| Entries taken from a collection |
▽
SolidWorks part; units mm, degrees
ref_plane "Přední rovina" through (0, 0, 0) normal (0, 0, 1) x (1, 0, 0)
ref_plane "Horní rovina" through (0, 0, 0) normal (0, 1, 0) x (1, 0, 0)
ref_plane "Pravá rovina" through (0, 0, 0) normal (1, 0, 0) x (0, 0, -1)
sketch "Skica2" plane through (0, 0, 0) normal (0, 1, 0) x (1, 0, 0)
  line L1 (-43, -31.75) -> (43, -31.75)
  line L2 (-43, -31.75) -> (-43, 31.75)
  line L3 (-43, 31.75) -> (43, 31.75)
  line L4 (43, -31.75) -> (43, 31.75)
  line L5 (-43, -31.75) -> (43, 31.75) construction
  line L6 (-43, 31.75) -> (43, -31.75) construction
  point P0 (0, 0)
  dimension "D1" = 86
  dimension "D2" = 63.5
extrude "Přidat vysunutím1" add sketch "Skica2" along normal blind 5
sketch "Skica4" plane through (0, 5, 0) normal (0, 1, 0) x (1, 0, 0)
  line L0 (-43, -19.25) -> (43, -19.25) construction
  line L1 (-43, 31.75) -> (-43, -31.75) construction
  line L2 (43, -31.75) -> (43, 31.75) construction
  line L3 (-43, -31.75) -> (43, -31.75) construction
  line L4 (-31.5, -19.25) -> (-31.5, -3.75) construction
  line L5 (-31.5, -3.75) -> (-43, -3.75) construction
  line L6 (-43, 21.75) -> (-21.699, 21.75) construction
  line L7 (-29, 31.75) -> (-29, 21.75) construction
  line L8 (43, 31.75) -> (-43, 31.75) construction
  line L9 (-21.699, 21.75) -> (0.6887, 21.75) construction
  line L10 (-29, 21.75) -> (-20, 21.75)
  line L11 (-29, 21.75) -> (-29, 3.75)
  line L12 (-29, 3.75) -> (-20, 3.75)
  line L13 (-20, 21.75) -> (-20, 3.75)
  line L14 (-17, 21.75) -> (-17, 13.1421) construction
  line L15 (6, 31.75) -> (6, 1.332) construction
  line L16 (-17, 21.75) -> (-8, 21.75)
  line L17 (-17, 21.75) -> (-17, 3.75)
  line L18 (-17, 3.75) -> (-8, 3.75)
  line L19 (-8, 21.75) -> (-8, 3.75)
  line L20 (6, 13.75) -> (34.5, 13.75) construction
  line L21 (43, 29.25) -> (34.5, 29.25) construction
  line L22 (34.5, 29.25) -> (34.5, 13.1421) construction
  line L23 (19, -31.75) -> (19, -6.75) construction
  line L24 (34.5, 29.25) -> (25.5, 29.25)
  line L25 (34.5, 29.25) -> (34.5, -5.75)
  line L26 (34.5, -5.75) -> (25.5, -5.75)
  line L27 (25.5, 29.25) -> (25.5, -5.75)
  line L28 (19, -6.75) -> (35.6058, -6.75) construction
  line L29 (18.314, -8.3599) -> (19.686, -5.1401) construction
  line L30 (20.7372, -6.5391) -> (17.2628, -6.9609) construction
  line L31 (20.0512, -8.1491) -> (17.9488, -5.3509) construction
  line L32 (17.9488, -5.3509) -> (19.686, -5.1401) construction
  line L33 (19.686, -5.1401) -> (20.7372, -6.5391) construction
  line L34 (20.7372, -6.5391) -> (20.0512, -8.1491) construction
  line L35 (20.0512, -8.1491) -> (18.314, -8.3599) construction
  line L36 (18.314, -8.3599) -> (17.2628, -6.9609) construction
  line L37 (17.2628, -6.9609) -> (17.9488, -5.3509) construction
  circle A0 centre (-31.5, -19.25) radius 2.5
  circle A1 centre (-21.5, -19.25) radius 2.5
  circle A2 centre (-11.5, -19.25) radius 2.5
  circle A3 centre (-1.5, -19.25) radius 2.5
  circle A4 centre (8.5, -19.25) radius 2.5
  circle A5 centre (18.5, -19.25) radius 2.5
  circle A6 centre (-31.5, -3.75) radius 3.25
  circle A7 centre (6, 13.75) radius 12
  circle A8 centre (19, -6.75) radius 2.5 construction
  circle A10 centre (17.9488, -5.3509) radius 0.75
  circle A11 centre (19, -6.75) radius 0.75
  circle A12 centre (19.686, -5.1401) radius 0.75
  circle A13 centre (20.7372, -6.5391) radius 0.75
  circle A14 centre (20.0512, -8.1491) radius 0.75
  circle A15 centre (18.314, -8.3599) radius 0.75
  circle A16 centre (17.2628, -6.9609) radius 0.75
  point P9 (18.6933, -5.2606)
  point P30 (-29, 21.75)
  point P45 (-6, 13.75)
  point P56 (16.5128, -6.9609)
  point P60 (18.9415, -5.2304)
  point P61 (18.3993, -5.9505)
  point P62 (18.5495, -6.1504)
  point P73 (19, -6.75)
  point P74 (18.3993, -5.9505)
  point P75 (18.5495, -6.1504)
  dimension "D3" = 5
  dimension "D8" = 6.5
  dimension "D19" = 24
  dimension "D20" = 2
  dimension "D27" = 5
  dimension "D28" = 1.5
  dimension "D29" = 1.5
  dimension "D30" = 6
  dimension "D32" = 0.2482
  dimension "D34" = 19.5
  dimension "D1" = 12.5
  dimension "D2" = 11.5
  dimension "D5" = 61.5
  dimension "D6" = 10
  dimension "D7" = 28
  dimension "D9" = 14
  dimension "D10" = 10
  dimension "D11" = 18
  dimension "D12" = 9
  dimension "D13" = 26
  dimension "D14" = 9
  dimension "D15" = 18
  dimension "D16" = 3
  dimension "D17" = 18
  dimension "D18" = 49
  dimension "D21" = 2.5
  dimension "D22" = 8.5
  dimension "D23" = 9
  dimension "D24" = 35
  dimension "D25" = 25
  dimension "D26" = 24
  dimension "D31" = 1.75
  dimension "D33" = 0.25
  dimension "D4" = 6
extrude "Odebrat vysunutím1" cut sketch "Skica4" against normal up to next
△
| EXERCISE AIM |
From the first record to the last, print each one exactly.

| SOLUTION BELOW |
SolidWorks part; units mm, degrees
ref_plane "Přední rovina" through (0, 0, 0) normal (0, 0, 1) x (1, 0, 0)
ref_plane "Horní rovina" through (0, 0, 0) normal (0, 1, 0) x (1, 0, 0)
ref_plane "Pravá rovina" through (0, 0, 0) normal (1, 0, 0) x (0, 0, -1)
sketch "Skica2" plane through (0, 0, 0) normal (0, 1, 0) x (1, 0, 0)
  line L1 (-43, -31.75) -> (43, -31.75)
  line L2 (-43, -31.75) -> (-43, 31.75)
  line L3 (-43, 31.75) -> (43, 31.75)
  line L4 (43, -31.75) -> (43, 31.75)
  line L5 (-43, -31.75) -> (43, 31.75) construction
  line L6 (-43, 31.75) -> (43, -31.75) construction
  point P0 (0, 0)
  dimension "D1" = 86
  dimension "D2" = 63.5
extrude "Přidat vysunutím1" add sketch "Skica2" along normal blind 5
sketch "Skica4" plane through (0, 5, 0) normal (0, 1, 0) x (1, 0, 0)
  line L0 (-43, -19.25) -> (43, -19.25) construction
  line L1 (-43, 31.75) -> (-43, -31.75) construction
  line L2 (43, -31.75) -> (43, 31.75) construction
  line L3 (-43, -31.75) -> (43, -31.75) construction
  line L4 (-31.5, -19.25) -> (-31.5, -3.75) construction
  line L5 (-31.5, -3.75) -> (-43, -3.75) construction
  line L6 (-43, 21.75) -> (-21.699, 21.75) construction
  line L7 (-29, 31.75) -> (-29, 21.75) construction
  line L8 (43, 31.75) -> (-43, 31.75) construction
  line L9 (-21.699, 21.75) -> (0.6887, 21.75) construction
  line L10 (-29, 21.75) -> (-20, 21.75)
  line L11 (-29, 21.75) -> (-29, 3.75)
  line L12 (-29, 3.75) -> (-20, 3.75)
  line L13 (-20, 21.75) -> (-20, 3.75)
  line L14 (-17, 21.75) -> (-17, 13.1421) construction
  line L15 (6, 31.75) -> (6, 1.332) construction
  line L16 (-17, 21.75) -> (-8, 21.75)
  line L17 (-17, 21.75) -> (-17, 3.75)
  line L18 (-17, 3.75) -> (-8, 3.75)
  line L19 (-8, 21.75) -> (-8, 3.75)
  line L20 (6, 13.75) -> (34.5, 13.75) construction
  line L21 (43, 29.25) -> (34.5, 29.25) construction
  line L22 (34.5, 29.25) -> (34.5, 13.1421) construction
  line L23 (19, -31.75) -> (19, -6.75) construction
  line L24 (34.5, 29.25) -> (25.5, 29.25)
  line L25 (34.5, 29.25) -> (34.5, -5.75)
  line L26 (34.5, -5.75) -> (25.5, -5.75)
  line L27 (25.5, 29.25) -> (25.5, -5.75)
  line L28 (19, -6.75) -> (35.6058, -6.75) construction
  line L29 (18.314, -8.3599) -> (19.686, -5.1401) construction
  line L30 (20.7372, -6.5391) -> (17.2628, -6.9609) construction
  line L31 (20.0512, -8.1491) -> (17.9488, -5.3509) construction
  line L32 (17.9488, -5.3509) -> (19.686, -5.1401) construction
  line L33 (19.686, -5.1401) -> (20.7372, -6.5391) construction
  line L34 (20.7372, -6.5391) -> (20.0512, -8.1491) construction
  line L35 (20.0512, -8.1491) -> (18.314, -8.3599) construction
  line L36 (18.314, -8.3599) -> (17.2628, -6.9609) construction
  line L37 (17.2628, -6.9609) -> (17.9488, -5.3509) construction
  circle A0 centre (-31.5, -19.25) radius 2.5
  circle A1 centre (-21.5, -19.25) radius 2.5
  circle A2 centre (-11.5, -19.25) radius 2.5
  circle A3 centre (-1.5, -19.25) radius 2.5
  circle A4 centre (8.5, -19.25) radius 2.5
  circle A5 centre (18.5, -19.25) radius 2.5
  circle A6 centre (-31.5, -3.75) radius 3.25
  circle A7 centre (6, 13.75) radius 12
  circle A8 centre (19, -6.75) radius 2.5 construction
  circle A10 centre (17.9488, -5.3509) radius 0.75
  circle A11 centre (19, -6.75) radius 0.75
  circle A12 centre (19.686, -5.1401) radius 0.75
  circle A13 centre (20.7372, -6.5391) radius 0.75
  circle A14 centre (20.0512, -8.1491) radius 0.75
  circle A15 centre (18.314, -8.3599) radius 0.75
  circle A16 centre (17.2628, -6.9609) radius 0.75
  point P9 (18.6933, -5.2606)
  point P30 (-29, 21.75)
  point P45 (-6, 13.75)
  point P56 (16.5128, -6.9609)
  point P60 (18.9415, -5.2304)
  point P61 (18.3993, -5.9505)
  point P62 (18.5495, -6.1504)
  point P73 (19, -6.75)
  point P74 (18.3993, -5.9505)
  point P75 (18.5495, -6.1504)
  dimension "D3" = 5
  dimension "D8" = 6.5
  dimension "D19" = 24
  dimension "D20" = 2
  dimension "D27" = 5
  dimension "D28" = 1.5
  dimension "D29" = 1.5
  dimension "D30" = 6
  dimension "D32" = 0.2482
  dimension "D34" = 19.5
  dimension "D1" = 12.5
  dimension "D2" = 11.5
  dimension "D5" = 61.5
  dimension "D6" = 10
  dimension "D7" = 28
  dimension "D9" = 14
  dimension "D10" = 10
  dimension "D11" = 18
  dimension "D12" = 9
  dimension "D13" = 26
  dimension "D14" = 9
  dimension "D15" = 18
  dimension "D16" = 3
  dimension "D17" = 18
  dimension "D18" = 49
  dimension "D21" = 2.5
  dimension "D22" = 8.5
  dimension "D23" = 9
  dimension "D24" = 35
  dimension "D25" = 25
  dimension "D26" = 24
  dimension "D31" = 1.75
  dimension "D33" = 0.25
  dimension "D4" = 6
extrude "Odebrat vysunutím1" cut sketch "Skica4" against normal up to next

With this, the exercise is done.